(Saved entries)
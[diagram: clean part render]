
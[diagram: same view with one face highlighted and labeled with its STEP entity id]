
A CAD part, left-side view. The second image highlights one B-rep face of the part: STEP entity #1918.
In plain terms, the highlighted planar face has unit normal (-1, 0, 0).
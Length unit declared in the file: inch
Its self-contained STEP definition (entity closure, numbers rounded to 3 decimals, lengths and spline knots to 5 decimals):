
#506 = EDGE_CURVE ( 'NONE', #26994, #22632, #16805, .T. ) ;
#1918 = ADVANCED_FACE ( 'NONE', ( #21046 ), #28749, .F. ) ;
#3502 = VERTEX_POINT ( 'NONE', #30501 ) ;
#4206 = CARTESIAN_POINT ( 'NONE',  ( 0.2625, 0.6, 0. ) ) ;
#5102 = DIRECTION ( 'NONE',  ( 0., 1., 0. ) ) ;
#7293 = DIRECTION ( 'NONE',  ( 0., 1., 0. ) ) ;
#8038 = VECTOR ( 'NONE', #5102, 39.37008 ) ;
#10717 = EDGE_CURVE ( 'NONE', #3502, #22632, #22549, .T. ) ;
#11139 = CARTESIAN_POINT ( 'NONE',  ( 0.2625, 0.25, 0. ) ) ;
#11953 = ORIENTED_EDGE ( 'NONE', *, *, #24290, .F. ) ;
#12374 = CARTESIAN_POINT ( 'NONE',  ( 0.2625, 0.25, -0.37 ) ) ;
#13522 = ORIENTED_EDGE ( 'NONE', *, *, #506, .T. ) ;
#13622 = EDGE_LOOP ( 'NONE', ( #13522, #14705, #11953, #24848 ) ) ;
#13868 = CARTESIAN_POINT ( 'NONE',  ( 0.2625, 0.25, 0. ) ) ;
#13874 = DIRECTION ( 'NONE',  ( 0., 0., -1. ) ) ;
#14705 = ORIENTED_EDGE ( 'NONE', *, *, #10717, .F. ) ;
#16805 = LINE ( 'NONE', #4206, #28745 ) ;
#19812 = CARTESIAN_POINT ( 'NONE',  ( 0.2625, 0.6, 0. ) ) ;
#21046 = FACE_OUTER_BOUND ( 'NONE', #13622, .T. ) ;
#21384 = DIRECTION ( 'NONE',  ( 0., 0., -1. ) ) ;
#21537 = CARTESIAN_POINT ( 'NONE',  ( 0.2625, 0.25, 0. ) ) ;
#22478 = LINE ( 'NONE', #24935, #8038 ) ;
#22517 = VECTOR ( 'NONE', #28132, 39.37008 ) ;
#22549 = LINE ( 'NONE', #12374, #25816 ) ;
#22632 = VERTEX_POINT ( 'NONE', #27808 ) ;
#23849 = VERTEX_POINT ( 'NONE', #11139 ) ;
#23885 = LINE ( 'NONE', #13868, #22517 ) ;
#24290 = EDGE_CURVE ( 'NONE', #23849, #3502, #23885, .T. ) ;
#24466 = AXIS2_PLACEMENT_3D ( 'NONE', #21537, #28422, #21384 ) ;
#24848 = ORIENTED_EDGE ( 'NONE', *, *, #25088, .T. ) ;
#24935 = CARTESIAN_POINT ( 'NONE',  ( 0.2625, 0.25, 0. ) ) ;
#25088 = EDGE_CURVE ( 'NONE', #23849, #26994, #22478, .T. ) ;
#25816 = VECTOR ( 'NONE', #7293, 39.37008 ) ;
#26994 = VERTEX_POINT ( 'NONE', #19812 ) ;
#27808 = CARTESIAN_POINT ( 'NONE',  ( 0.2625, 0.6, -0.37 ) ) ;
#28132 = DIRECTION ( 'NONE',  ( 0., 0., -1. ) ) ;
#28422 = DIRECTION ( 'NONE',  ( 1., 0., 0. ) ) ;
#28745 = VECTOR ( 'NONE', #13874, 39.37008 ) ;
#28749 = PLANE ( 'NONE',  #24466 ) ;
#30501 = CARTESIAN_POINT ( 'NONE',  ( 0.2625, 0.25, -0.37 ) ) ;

WHAT IS REQUIRED
Take the entries above and return all of them exactly.

RESULT BELOW
[diagram: clean part render]
[diagram: same view with one face highlighted and labeled with its STEP entity id]
A CAD part, left-side view. The second image highlights one B-rep face of the part: STEP entity #1918.
In plain terms, the highlighted planar face has unit normal (-1, 0, 0).
Length unit declared in the file: inch
Its self-contained STEP definition (entity closure, numbers rounded to 3 decimals, lengths and spline knots to 5 decimals):
#506 = EDGE_CURVE ( 'NONE', #26994, #22632, #16805, .T. ) ;
#1918 = ADVANCED_FACE ( 'NONE', ( #21046 ), #28749, .F. ) ;
#3502 = VERTEX_POINT ( 'NONE', #30501 ) ;
#4206 = CARTESIAN_POINT ( 'NONE',  ( 0.2625, 0.6, 0. ) ) ;
#5102 = DIRECTION ( 'NONE',  ( 0., 1., 0. ) ) ;
#7293 = DIRECTION ( 'NONE',  ( 0., 1., 0. ) ) ;
#8038 = VECTOR ( 'NONE', #5102, 39.37008 ) ;
#10717 = EDGE_CURVE ( 'NONE', #3502, #22632, #22549, .T. ) ;
#11139 = CARTESIAN_POINT ( 'NONE',  ( 0.2625, 0.25, 0. ) ) ;
#11953 = ORIENTED_EDGE ( 'NONE', *, *, #24290, .F. ) ;
#12374 = CARTESIAN_POINT ( 'NONE',  ( 0.2625, 0.25, -0.37 ) ) ;
#13522 = ORIENTED_EDGE ( 'NONE', *, *, #506, .T. ) ;
#13622 = EDGE_LOOP ( 'NONE', ( #13522, #14705, #11953, #24848 ) ) ;
#13868 = CARTESIAN_POINT ( 'NONE',  ( 0.2625, 0.25, 0. ) ) ;
#13874 = DIRECTION ( 'NONE',  ( 0., 0., -1. ) ) ;
#14705 = ORIENTED_EDGE ( 'NONE', *, *, #10717, .F. ) ;
#16805 = LINE ( 'NONE', #4206, #28745 ) ;
#19812 = CARTESIAN_POINT ( 'NONE',  ( 0.2625, 0.6, 0. ) ) ;
#21046 = FACE_OUTER_BOUND ( 'NONE', #13622, .T. ) ;
#21384 = DIRECTION ( 'NONE',  ( 0., 0., -1. ) ) ;
#21537 = CARTESIAN_POINT ( 'NONE',  ( 0.2625, 0.25, 0. ) ) ;
#22478 = LINE ( 'NONE', #24935, #8038 ) ;
#22517 = VECTOR ( 'NONE', #28132, 39.37008 ) ;
#22549 = LINE ( 'NONE', #12374, #25816 ) ;
#22632 = VERTEX_POINT ( 'NONE', #27808 ) ;
#23849 = VERTEX_POINT ( 'NONE', #11139 ) ;
#23885 = LINE ( 'NONE', #13868, #22517 ) ;
#24290 = EDGE_CURVE ( 'NONE', #23849, #3502, #23885, .T. ) ;
#24466 = AXIS2_PLACEMENT_3D ( 'NONE', #21537, #28422, #21384 ) ;
#24848 = ORIENTED_EDGE ( 'NONE', *, *, #25088, .T. ) ;
#24935 = CARTESIAN_POINT ( 'NONE',  ( 0.2625, 0.25, 0. ) ) ;
#25088 = EDGE_CURVE ( 'NONE', #23849, #26994, #22478, .T. ) ;
#25816 = VECTOR ( 'NONE', #7293, 39.37008 ) ;
#26994 = VERTEX_POINT ( 'NONE', #19812 ) ;
#27808 = CARTESIAN_POINT ( 'NONE',  ( 0.2625, 0.6, -0.37 ) ) ;
#28132 = DIRECTION ( 'NONE',  ( 0., 0., -1. ) ) ;
#28422 = DIRECTION ( 'NONE',  ( 1., 0., 0. ) ) ;
#28745 = VECTOR ( 'NONE', #13874, 39.37008 ) ;
#28749 = PLANE ( 'NONE',  #24466 ) ;
#30501 = CARTESIAN_POINT ( 'NONE',  ( 0.2625, 0.25, -0.37 ) ) ;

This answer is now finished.